Data shown ::
--------------------------------------------------

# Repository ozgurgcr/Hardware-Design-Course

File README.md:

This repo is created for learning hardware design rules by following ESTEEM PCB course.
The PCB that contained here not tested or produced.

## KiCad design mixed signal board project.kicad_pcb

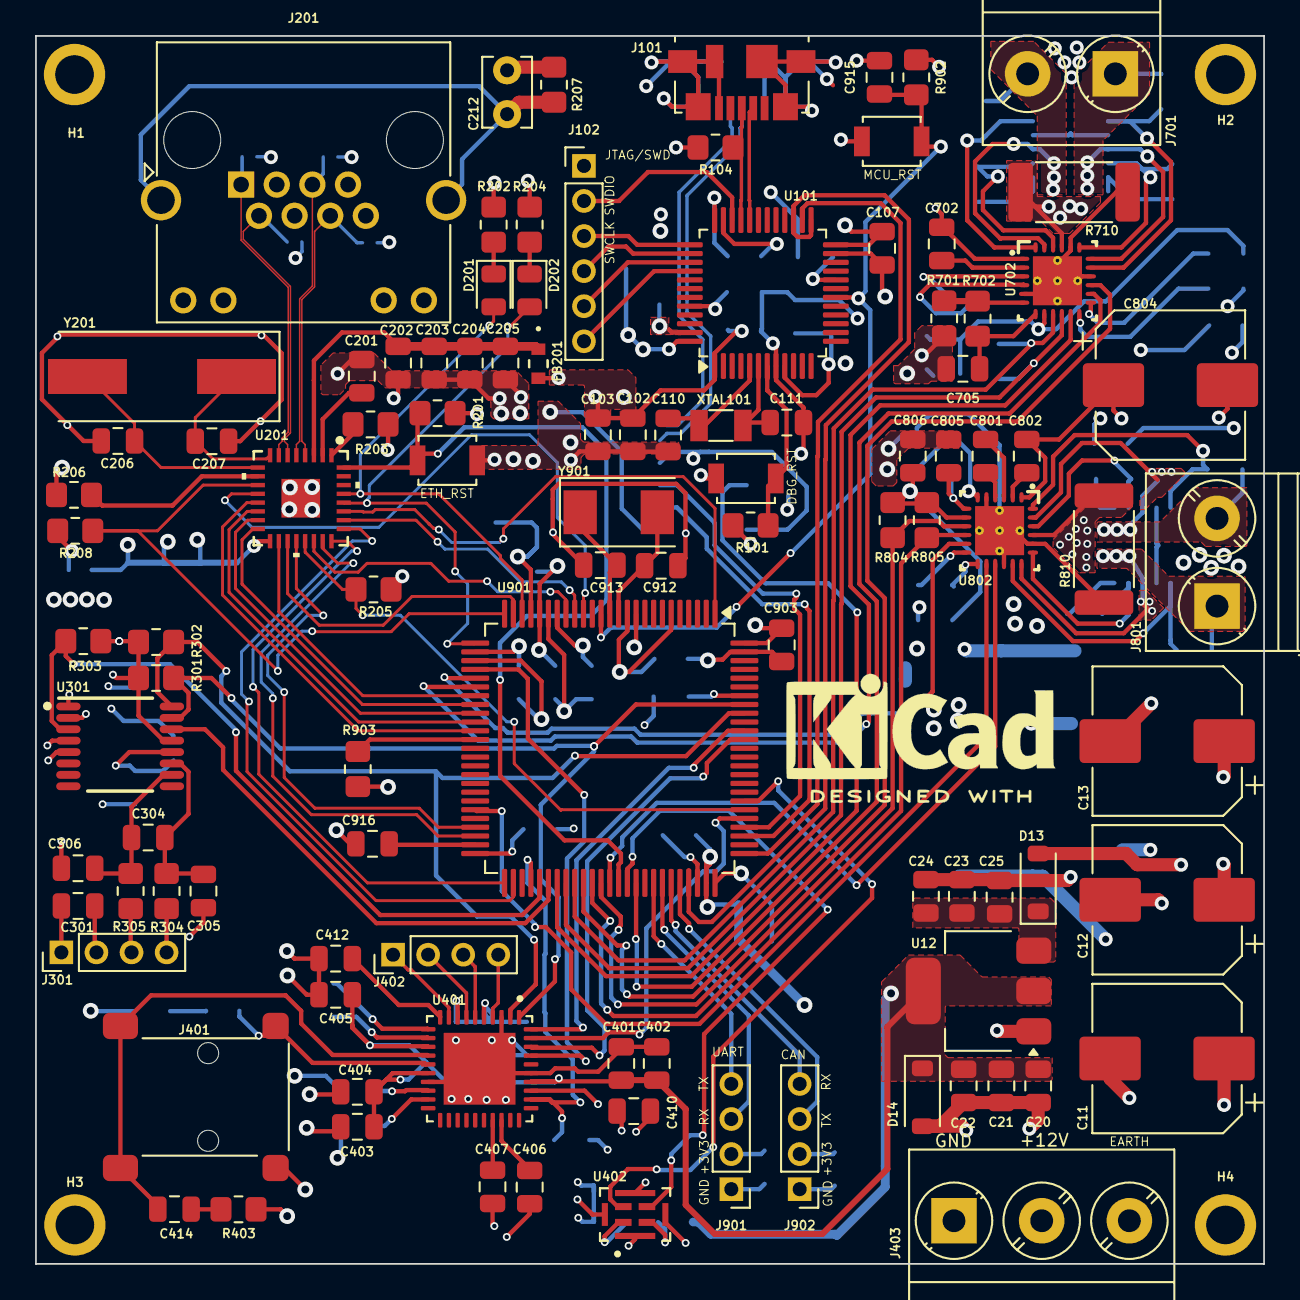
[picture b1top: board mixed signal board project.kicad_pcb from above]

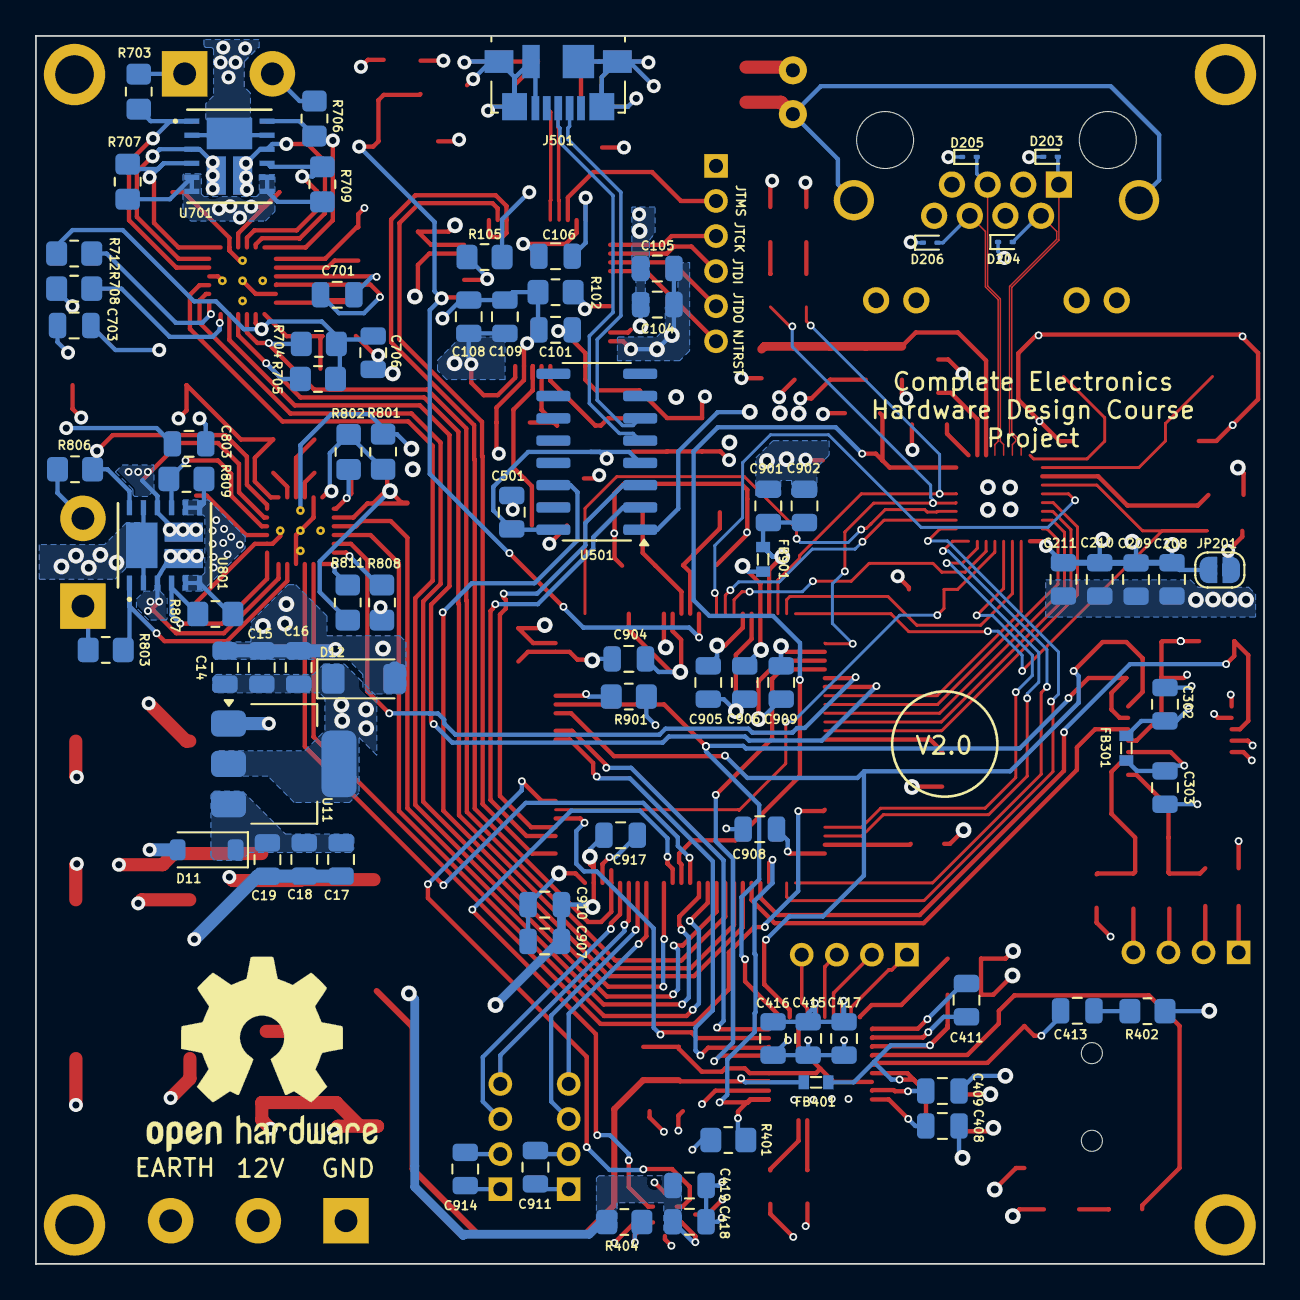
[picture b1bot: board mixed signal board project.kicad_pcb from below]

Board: 4 copper layers, 70.0 x 70.0 mm, 188 parts (81 on the bottom side), 145 nets.

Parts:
C11, C12, C13, C804: 100u; CP_Elec_8x10
C14, C17, C20, C23, C102, C301, C302, C303, C304, C402, C404, C405, C410, C415, C417, C419, C501, C701, C703, C801, C803, C902, C903, C904, C905, C906, C908, C909, C910, C911, C914, C915: 0.1u; C_0805_2012Metric
C15, C18, C21, C24, C109, C203, C210, C401, C403, C408, C411, C412, C418, C702, C705, C706, C802, C805, C806, C901: 1u; C_0805_2012Metric
C16, C19, C22, C25, C202, C211, C409, C416: 10u; C_0805_2012Metric
C101, C907: 4.7u; C_0805_2012Metric
C103, C104, C105, C106, C107, C204, C209: 100n; C_0805_2012Metric
C108, C205, C208, C305, C306: 10n; C_0805_2012Metric
C110, C111, C912, C913: 30p; C_0805_2012Metric
C201: 2n; C_0805_2012Metric
C206, C207: 20p; C_0805_2012Metric
C212: 10n; C_Disc_D3.8mm_W2.6mm_P2.50mm
C406, C407: 150p; C_0805_2012Metric
C413, C414: 22n; C_0805_2012Metric
C916, C917: 2.2u; C_0805_2012Metric
D11, D13: MBR0530; D_SOD-123
D12: BZV55B3V3; D_MiniMELF
D14: D_Zener; D_SOD-123
D201, D202: LED; LED_0805_2012Metric
D203, D204, D205, D206: ESD9B3.3ST5G; D_SOD-923
FB201: 1k_100MHz; IND_1608_TDK
FB301, FB401: 1k; 0603
FB901: FerriteBead_Small; 0603
H1, H2, H3, H4: MountingHole; MountingHole_2.2mm_M2_ISO7380_Pad
J101, J501: USB_B_Mini; USB_Micro-B_Molex_47346-0001
J102: Conn_01x06_Pin; PinHeader_1x06_P2.00mm_Vertical
J201: 8P8C_Shielded; RJ45_Amphenol_RJHSE538X
J301, J402: Conn_01x04_Pin; PinHeader_1x04_P2.00mm_Vertical
J401: AudioJack3; Jack_3.5mm_Lumberg_1503_02_Horizontal
J403: Screw_Terminal_01x03; TerminalBlock_Phoenix_PT-1,5-3-5.0-H_1x03_P5.00mm_Horizontal
J701, J801: Conn_01x02_Socket; TerminalBlock_Phoenix_PT-1,5-2-5.0-H_1x02_P5.00mm_Horizontal
J901: UART_CONN; PinHeader_1x04_P2.00mm_Vertical
J902: CAN_CONN; PinHeader_1x04_P2.00mm_Vertical
JP201: SolderJumper_2_Open; SolderJumper-2_P1.3mm_Open_RoundedPad1.0x1.5mm
R101, R201, R203, R205, R208, R301, R302, R404, R703, R704, R705, R706, R707, R709, R803, R804, R805, R806, R807, R809: 10k; R_0805_2012Metric_Pad1.20x1.40mm_HandSolder
R102, R105, R303, R712, R811, R901, R902, R903: 100k; R_0805_2012Metric_Pad1.20x1.40mm_HandSolder
R104: 1.5k; R_0805_2012Metric_Pad1.20x1.40mm_HandSolder
R202, R204, R701, R801: 3k3; R_0805_2012Metric_Pad1.20x1.40mm_HandSolder
R206: 6k49; R_0805_2012Metric_Pad1.20x1.40mm_HandSolder
R207: 1M; R_0805_2012Metric_Pad1.20x1.40mm_HandSolder
R304, R305: 1k; R_0805_2012Metric_Pad1.20x1.40mm_HandSolder
R401: 10K; R_0805_2012Metric_Pad1.20x1.40mm_HandSolder
R402, R403: 51.1; R_0805_2012Metric_Pad1.20x1.40mm_HandSolder
R702, R802: 2k; R_0805_2012Metric_Pad1.20x1.40mm_HandSolder
R708, R808: 33k; R_0805_2012Metric_Pad1.20x1.40mm_HandSolder
R710, R810: 50M; R_2512_6332Metric_Pad1.40x3.35mm_HandSolder
SW101, SW201, SW901: SW_SPDT; SW_SPST_B3U-1000P
U11: LD1117S33TR_SOT223; SOT-223-3_TabPin2
U12: LD1117S18TR_SOT223; SOT-223-3_TabPin2
U101: STM32F103C8Tx; LQFP-48_7x7mm_P0.5mm
U201: DP83826ERHBR; QFN_ERHBR_TEX
U301: ADS122C04IPW; PW0016A_N
U401: CS43L22-CNZ; QFN50P600X600X100-41N
U402: IMP34DT05TR; MIC_MP34DT06JTR
U501: CH340C; SOIC-16_3.9x9.9mm_P1.27mm
U701, U801: DMHT6016LFJ-13; V-DFN5045-12_DIO
U702, U802: DRV8701; RGE0024F
U901: STM32F407VGTx; LQFP-100_14x14mm_P0.5mm
XTAL101: NX3225GD-8MHZ-STD-CRA-3; Crystal_SMD_3215-2Pin_3.2x1.5mm
Y201: 25Mhz; Crystal_SMD_HC49-SD
Y901: 8MHz; Crystal_SMD_0603-2Pin_6.0x3.5mm

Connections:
+1V8: C20.1, C21.1, C22.1, C401.1, C402.1, C418.1, C419.1, D14.1 (K), FB401.2, R404.2, U12.2 (VO), U401.34 (VD), U402.1 (VDD)
+3.3VA: C202.2, C203.2, C204.2, C205.2, FB201.1, U201.3 (VDDA3V3)
+3V3: C14.1, C15.1, C16.1, C101.1, C102.1, C103.1, C104.1, C105.1, C106.1, C107.1, C108.1, C109.1, C208.1, C209.1, C210.1, C211.1, C301.1, C302.1, C410.1, C415.1, C416.1, C417.1, C501.1, C903.1, C904.1, C905.1, C906.1, C907.1, C908.1, C909.1, C910.1, C911.1, C914.1, D12.1 (K), FB201.2, FB301.1, FB901.2, J301.2, J901.2, J902.2, JP201.2 (B), R101.2, R104.1, R201.1, R203.1, R205.1, R301.1, R302.1, R303.1, R401.1, R902.1, U11.2 (VO), U101.1 (VBAT), U101.9 (VDDA), U101.24 (VDD), U101.36 (VDD), U101.48 (VDD), U201.17 (VDDIO), U301.13 (DVDD), U401.5 (VP), U401.8 (VP), U401.33 (VL), U501.4 (V3), U501.16 (VCC), U901.6 (VBAT), U901.11 (VDD), U901.19 (VDD), U901.21 (VREF+), U901.28 (VDD), U901.50 (VDD), U901.75 (VDD), U901.100 (VDD)
+12V: C11.1, C12.1, C13.1, C702.1, C703.1, C802.1, C803.1, C804.1, D11.2 (A), D13.2 (A), J403.2, U701.2 (D1/D4), U701.11 (D1/D4), U701.13 (D1/D4), U702.1 (VM), U801.2 (D1/D4), U801.11 (D1/D4), U801.13 (D1/D4), U802.1 (VM)
/ADC/AIN0_ADC: J301.4, R304.1
/ADC/AIN1_ADC: J301.3, R305.1
/ADC/RESET_ADC: R303.2, U301.3 (RESET_N), U901.55 (PD8)
/ADC/SCL: R302.2, U301.16 (SCL), U401.2 (SCL), U901.92 (PB6)
/ADC/SDA: R301.2, U301.15 (SDA), U401.1 (SDA), U901.93 (PB7)
/ADC/~DRDY_ADC: U301.14 (DRDY_N), U901.56 (PD9)
/DAC adn MIC/CLK_MIC: U402.3 (CLK), U901.65 (PC8)
/DAC adn MIC/DOUT_MIC: U402.4 (DOUT), U901.82 (PD1)
/DAC adn MIC/LRCK_DAC: U401.40 (LRCK), U901.90 (PB4)
/DAC adn MIC/MCLK_DAC: U401.37 (MCLK), U901.29 (PA4)
/DAC adn MIC/SCLK_DAC: U401.38 (SCLK), U901.89 (PB3)
/DAC adn MIC/SDIN_DAC: U401.39 (SDIN), U901.80 (PC12)
/DAC adn MIC/SPKR_OUTA_N: J402.3, U401.6 (SPKR_OUTA_M)
/DAC adn MIC/SPKR_OUTA_P: J402.4, U401.4 (SPKR_OUTA_P)
/DAC adn MIC/SPKR_OUTB_N: J402.1, U401.9 (SPKR_OUTB_M)
/DAC adn MIC/SPKR_OUTB_P: J402.2, U401.7 (SPKR_OUTB_P)
/DAC adn MIC/VA: C403.1, C404.1, C405.1, FB401.1, U401.13 (VHP_P), U401.16 (VA)
/DAC adn MIC/~RESET_DAC: R401.2, U401.32 (~RESET), U901.54 (PB15)
/Debugger/BOOT0: R102.2, U101.44 (BOOT0)
/Debugger/BOOT1: R105.2, U101.20 (PB2)
/Debugger/JTCK/SWCLK: J102.3, U101.37 (PA14)
/Debugger/JTCLK_F407: U101.26 (PB13), U901.76 (PA14)
/Debugger/JTDI: J102.4, U101.38 (PA15)
/Debugger/JTDO: J102.5, U101.39 (PB3)
/Debugger/JTMS_F407: U101.25 (PB12), U101.27 (PB14), U901.72 (PA13)
/Debugger/JTMS/SWDIO: J102.2, U101.34 (PA13)
/Debugger/NJTRST: J102.6, U101.40 (PB4)
/Debugger/NRST: R101.1, SW101.2, U101.7 (NRST)
/Debugger/USBD_N: J101.2 (D-), U101.32 (PA11)
/Debugger/USBD_P: J101.3 (D+), R104.2, U101.33 (PA12)
/Ethernet/CEXT: C201.2, U201.2 (CEXT)
/Ethernet/ETH_COL: D202.2 (A), U201.28 (COL/LED2/GPIO/Strap4), U901.26 (PA3)
/Ethernet/ETH_CRS: D201.2 (A), U201.29 (CRS/LED3/Strap3), U901.23 (PA0)
/Ethernet/ETH_INT: R205.2, U201.21 (PWRDN/INT), U901.81 (PD0)
/Ethernet/ETH_MDC: U201.12 (MDC), U901.16 (PC1)
/Ethernet/ETH_MDIO: R208.2, U201.11 (MDIO), U901.25 (PA2)
/Ethernet/ETH_RX_CLK: U201.19 (RX_CLK/50MHz_RMII), U901.24 (PA1)
/Ethernet/ETH_RX_D0: U201.16 (Strap0/RX_D0), U901.33 (PC4)
/Ethernet/ETH_RX_D1: U201.15 (Strap9/RX_D1), U901.34 (PC5)
/Ethernet/ETH_RX_D2: U201.14 (Strap8/RX_D2), U901.35 (PB0)
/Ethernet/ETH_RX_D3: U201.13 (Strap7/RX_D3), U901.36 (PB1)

--------------------------------------------------

Prompt :: Looking at the data above, return every line from the one with "(D-), U101.32 (PA11)" down to the one with "(COL/LED2/GPIO/Strap4), U901.26 (PA3)", exactly and inclusively.

Solution ::
/Debugger/USBD_N: J101.2 (D-), U101.32 (PA11)
/Debugger/USBD_P: J101.3 (D+), R104.2, U101.33 (PA12)
/Ethernet/CEXT: C201.2, U201.2 (CEXT)
/Ethernet/ETH_COL: D202.2 (A), U201.28 (COL/LED2/GPIO/Strap4), U901.26 (PA3)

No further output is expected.